Mara Tagin

Regions with significant populations
- India (Arunachal Pradesh)

Languages
- Tani

Religion
- Donyi-Polo (sun and moon), Hinduism, Christianity

= Mara (Tagin) =

Tribe of Arunachal Pradesh

Mara or Mra (also known as Mura) refers to a tribe in Arunachal Pradesh. The Mara (Mra) inhabit in Limeking in Upper Subansiri, just south of Taksing which is inhabited by the Nga (or Na). Like other Tagins, the Mara subscribe to the Donyi Polo faith but have come under considerable Tibetan Buddhist influence as a result of centuries of interactions with the Tibetans in the north.

Like the Nga, the Mara also engage in barter trade with the Tibetans in the north prior to the closure of the Indo-Tibetan border in view of the 1962 Sino-Indian War.

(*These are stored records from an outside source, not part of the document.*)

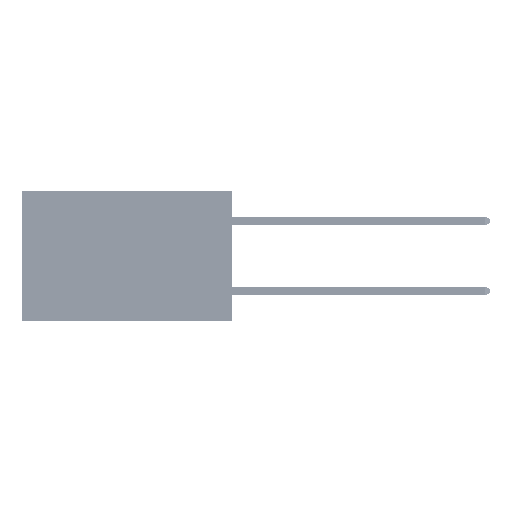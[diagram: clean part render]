
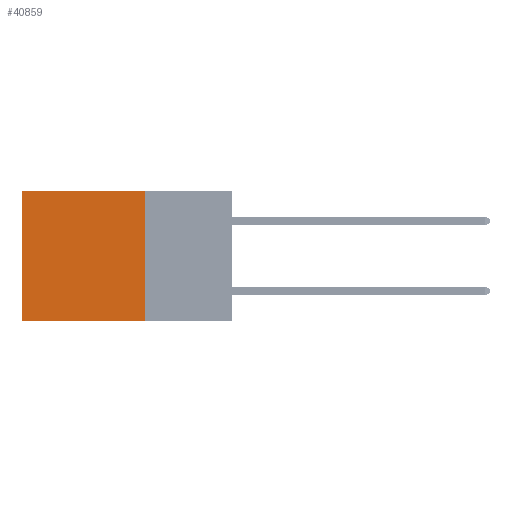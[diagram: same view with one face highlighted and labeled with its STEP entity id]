
A CAD part, left-side view. The second image highlights one B-rep face of the part: STEP entity #40859.
In plain terms, the highlighted planar face has unit normal (-1, 0, 0).
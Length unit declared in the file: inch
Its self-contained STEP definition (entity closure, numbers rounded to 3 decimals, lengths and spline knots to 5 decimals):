
#255 = ORIENTED_EDGE ( 'NONE', *, *, #11048, .T. ) ;
#5910 = VECTOR ( 'NONE', #48126, 39.37008 ) ;
#6712 = CARTESIAN_POINT ( 'NONE',  ( 0.2875, 0.25, -0.37 ) ) ;
#8787 = DIRECTION ( 'NONE',  ( 0., 0., -1. ) ) ;
#11048 = EDGE_CURVE ( 'NONE', #14211, #22324, #17991, .T. ) ;
#11691 = AXIS2_PLACEMENT_3D ( 'NONE', #24819, #28614, #8787 ) ;
#11900 = ORIENTED_EDGE ( 'NONE', *, *, #19812, .T. ) ;
#14211 = VERTEX_POINT ( 'NONE', #22991 ) ;
#15483 = VECTOR ( 'NONE', #49531, 39.37008 ) ;
#15802 = CARTESIAN_POINT ( 'NONE',  ( 0.2875, 0.6, -0.37 ) ) ;
#15953 = CARTESIAN_POINT ( 'NONE',  ( 0.2875, 0.25, 0. ) ) ;
#17991 = LINE ( 'NONE', #44496, #15483 ) ;
#18537 = CARTESIAN_POINT ( 'NONE',  ( 0.2875, 0.25, 0. ) ) ;
#19699 = LINE ( 'NONE', #43791, #5910 ) ;
#19812 = EDGE_CURVE ( 'NONE', #24889, #14211, #41101, .T. ) ;
#22030 = DIRECTION ( 'NONE',  ( 0., 1., 0. ) ) ;
#22324 = VERTEX_POINT ( 'NONE', #15802 ) ;
#22991 = CARTESIAN_POINT ( 'NONE',  ( 0.2875, 0.6, 0. ) ) ;
#24426 = LINE ( 'NONE', #15953, #39319 ) ;
#24819 = CARTESIAN_POINT ( 'NONE',  ( 0.2875, 0.25, 0. ) ) ;
#24889 = VERTEX_POINT ( 'NONE', #30787 ) ;
#25227 = EDGE_LOOP ( 'NONE', ( #255, #50208, #39031, #11900 ) ) ;
#27542 = FACE_OUTER_BOUND ( 'NONE', #25227, .T. ) ;
#28614 = DIRECTION ( 'NONE',  ( 1., 0., 0. ) ) ;
#30787 = CARTESIAN_POINT ( 'NONE',  ( 0.2875, 0.25, 0. ) ) ;
#33633 = VECTOR ( 'NONE', #22030, 39.37008 ) ;
#35727 = DIRECTION ( 'NONE',  ( 0., 0., -1. ) ) ;
#36952 = PLANE ( 'NONE',  #11691 ) ;
#38206 = EDGE_CURVE ( 'NONE', #44629, #22324, #19699, .T. ) ;
#39031 = ORIENTED_EDGE ( 'NONE', *, *, #49120, .F. ) ;
#39319 = VECTOR ( 'NONE', #35727, 39.37008 ) ;
#40859 = ADVANCED_FACE ( 'NONE', ( #27542 ), #36952, .F. ) ;
#41101 = LINE ( 'NONE', #18537, #33633 ) ;
#43791 = CARTESIAN_POINT ( 'NONE',  ( 0.2875, 0.25, -0.37 ) ) ;
#44496 = CARTESIAN_POINT ( 'NONE',  ( 0.2875, 0.6, 0. ) ) ;
#44629 = VERTEX_POINT ( 'NONE', #6712 ) ;
#48126 = DIRECTION ( 'NONE',  ( 0., 1., 0. ) ) ;
#49120 = EDGE_CURVE ( 'NONE', #24889, #44629, #24426, .T. ) ;
#49531 = DIRECTION ( 'NONE',  ( 0., 0., -1. ) ) ;
#50208 = ORIENTED_EDGE ( 'NONE', *, *, #38206, .F. ) ;

They traded ornaments, Tibetan dao from the Tibetans in the north and Mithun, tribal masks, animal hides and dyes of plants from the Nishi and Sulung on the south.

==Origin==
The Mara are ethnically Tagin (Na people) although they claim to be a separate group, just like the Nga to the north, but they acknowledge a common ancestry.

But the Mara believed that they were descended from two brothers, Kangra and Mara, who came from Nyime (Tibet) and settled in the region.